Task instructions:
Look through the data below for the line with "#30=CARTESIAN_POINT('',(-25.0952,2.13359999999999,0.));" and the line with "#44=CARTESIAN_POINT('',(-27.6352,2.13359999999999,69.85));", then output those two and all lines in between, exactly as written.

(Stored records)
Content starts

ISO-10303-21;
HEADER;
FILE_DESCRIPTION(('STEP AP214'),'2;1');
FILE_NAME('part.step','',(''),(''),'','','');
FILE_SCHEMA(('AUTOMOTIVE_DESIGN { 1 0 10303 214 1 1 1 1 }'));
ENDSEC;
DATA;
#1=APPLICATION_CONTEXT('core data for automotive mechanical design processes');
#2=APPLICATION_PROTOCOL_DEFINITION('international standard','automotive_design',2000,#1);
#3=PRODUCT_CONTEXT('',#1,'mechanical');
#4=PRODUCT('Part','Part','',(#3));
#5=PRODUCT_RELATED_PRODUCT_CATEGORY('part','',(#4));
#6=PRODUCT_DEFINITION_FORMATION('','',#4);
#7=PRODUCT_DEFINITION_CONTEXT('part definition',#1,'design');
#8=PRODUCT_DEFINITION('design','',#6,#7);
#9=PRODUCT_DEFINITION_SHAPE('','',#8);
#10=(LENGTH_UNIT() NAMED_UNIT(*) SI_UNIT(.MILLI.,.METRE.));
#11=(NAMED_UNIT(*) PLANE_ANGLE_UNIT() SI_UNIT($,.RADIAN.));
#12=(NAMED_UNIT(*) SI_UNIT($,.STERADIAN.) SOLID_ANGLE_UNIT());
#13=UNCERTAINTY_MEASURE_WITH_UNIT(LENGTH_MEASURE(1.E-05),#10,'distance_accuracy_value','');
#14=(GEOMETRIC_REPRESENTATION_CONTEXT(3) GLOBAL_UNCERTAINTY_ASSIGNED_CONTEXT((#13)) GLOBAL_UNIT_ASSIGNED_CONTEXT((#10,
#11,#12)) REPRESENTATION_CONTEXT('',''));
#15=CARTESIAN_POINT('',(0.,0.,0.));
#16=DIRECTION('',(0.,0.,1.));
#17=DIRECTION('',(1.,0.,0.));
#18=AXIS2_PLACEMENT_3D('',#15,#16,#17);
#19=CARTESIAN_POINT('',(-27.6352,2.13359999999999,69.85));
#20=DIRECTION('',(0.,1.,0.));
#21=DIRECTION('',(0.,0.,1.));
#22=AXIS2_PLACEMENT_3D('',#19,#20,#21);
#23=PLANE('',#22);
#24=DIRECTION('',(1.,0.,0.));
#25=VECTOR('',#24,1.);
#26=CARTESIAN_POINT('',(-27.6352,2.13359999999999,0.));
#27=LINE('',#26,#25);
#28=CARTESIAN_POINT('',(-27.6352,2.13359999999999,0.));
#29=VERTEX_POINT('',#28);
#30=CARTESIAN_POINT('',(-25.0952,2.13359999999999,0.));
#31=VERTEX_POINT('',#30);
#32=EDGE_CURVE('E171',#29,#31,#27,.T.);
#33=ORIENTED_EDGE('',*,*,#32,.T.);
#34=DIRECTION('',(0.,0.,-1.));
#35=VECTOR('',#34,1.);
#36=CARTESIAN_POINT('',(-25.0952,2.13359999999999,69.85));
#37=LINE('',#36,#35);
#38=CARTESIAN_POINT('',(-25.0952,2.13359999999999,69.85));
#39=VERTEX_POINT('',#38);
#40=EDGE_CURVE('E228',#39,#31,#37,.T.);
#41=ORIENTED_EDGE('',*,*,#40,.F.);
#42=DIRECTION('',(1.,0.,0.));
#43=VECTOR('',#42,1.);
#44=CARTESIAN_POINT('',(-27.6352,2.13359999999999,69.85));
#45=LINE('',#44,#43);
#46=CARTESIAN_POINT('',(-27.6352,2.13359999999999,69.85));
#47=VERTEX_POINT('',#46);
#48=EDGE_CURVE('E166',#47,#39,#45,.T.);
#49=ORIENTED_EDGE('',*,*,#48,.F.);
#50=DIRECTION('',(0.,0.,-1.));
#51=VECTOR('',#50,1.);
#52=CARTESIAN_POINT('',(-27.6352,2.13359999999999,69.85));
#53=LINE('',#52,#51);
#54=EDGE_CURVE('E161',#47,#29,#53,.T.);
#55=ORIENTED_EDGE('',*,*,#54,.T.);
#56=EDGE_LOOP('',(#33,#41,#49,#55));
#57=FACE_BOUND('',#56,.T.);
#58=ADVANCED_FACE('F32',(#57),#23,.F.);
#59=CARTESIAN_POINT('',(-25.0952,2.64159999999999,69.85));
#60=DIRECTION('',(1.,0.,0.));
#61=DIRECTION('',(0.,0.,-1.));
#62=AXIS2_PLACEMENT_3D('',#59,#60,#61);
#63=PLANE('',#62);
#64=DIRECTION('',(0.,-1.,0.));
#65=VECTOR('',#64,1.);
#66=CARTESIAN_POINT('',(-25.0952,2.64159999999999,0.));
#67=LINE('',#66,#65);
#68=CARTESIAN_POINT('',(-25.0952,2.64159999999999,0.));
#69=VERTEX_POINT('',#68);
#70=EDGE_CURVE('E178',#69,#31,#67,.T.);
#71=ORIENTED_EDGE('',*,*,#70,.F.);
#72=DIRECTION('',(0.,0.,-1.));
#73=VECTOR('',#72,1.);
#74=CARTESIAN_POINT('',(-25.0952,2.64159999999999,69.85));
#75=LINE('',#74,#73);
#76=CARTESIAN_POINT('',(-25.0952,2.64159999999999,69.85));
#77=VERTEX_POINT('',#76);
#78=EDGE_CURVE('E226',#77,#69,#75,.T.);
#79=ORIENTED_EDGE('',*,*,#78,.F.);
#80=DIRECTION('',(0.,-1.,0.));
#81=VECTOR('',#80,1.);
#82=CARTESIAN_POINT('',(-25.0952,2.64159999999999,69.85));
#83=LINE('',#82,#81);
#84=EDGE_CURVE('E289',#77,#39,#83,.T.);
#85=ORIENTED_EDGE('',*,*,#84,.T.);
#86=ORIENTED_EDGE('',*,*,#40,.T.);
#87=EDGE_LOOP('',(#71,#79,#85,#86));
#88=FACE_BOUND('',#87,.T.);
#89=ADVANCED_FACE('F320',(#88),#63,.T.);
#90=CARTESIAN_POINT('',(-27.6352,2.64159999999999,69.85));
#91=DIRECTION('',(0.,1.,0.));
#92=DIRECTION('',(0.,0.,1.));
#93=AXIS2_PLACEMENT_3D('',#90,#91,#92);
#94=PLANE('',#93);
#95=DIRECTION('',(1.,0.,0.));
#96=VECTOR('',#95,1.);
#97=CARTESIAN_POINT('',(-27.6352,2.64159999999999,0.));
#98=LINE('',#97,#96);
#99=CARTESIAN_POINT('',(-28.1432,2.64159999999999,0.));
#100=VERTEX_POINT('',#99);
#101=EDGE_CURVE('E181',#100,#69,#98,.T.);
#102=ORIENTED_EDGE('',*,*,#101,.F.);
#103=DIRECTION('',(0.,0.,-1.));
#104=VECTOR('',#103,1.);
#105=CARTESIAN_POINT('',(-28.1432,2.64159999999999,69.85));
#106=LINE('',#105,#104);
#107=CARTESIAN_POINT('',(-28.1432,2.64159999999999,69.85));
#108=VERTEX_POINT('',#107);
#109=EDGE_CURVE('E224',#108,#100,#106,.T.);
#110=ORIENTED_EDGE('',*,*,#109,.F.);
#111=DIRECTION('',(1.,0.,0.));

Content ends

Solution to the exercise:
#30=CARTESIAN_POINT('',(-25.0952,2.13359999999999,0.));
#31=VERTEX_POINT('',#30);
#32=EDGE_CURVE('E171',#29,#31,#27,.T.);
#33=ORIENTED_EDGE('',*,*,#32,.T.);
#34=DIRECTION('',(0.,0.,-1.));
#35=VECTOR('',#34,1.);
#36=CARTESIAN_POINT('',(-25.0952,2.13359999999999,69.85));
#37=LINE('',#36,#35);
#38=CARTESIAN_POINT('',(-25.0952,2.13359999999999,69.85));
#39=VERTEX_POINT('',#38);
#40=EDGE_CURVE('E228',#39,#31,#37,.T.);
#41=ORIENTED_EDGE('',*,*,#40,.F.);
#42=DIRECTION('',(1.,0.,0.));
#43=VECTOR('',#42,1.);
#44=CARTESIAN_POINT('',(-27.6352,2.13359999999999,69.85));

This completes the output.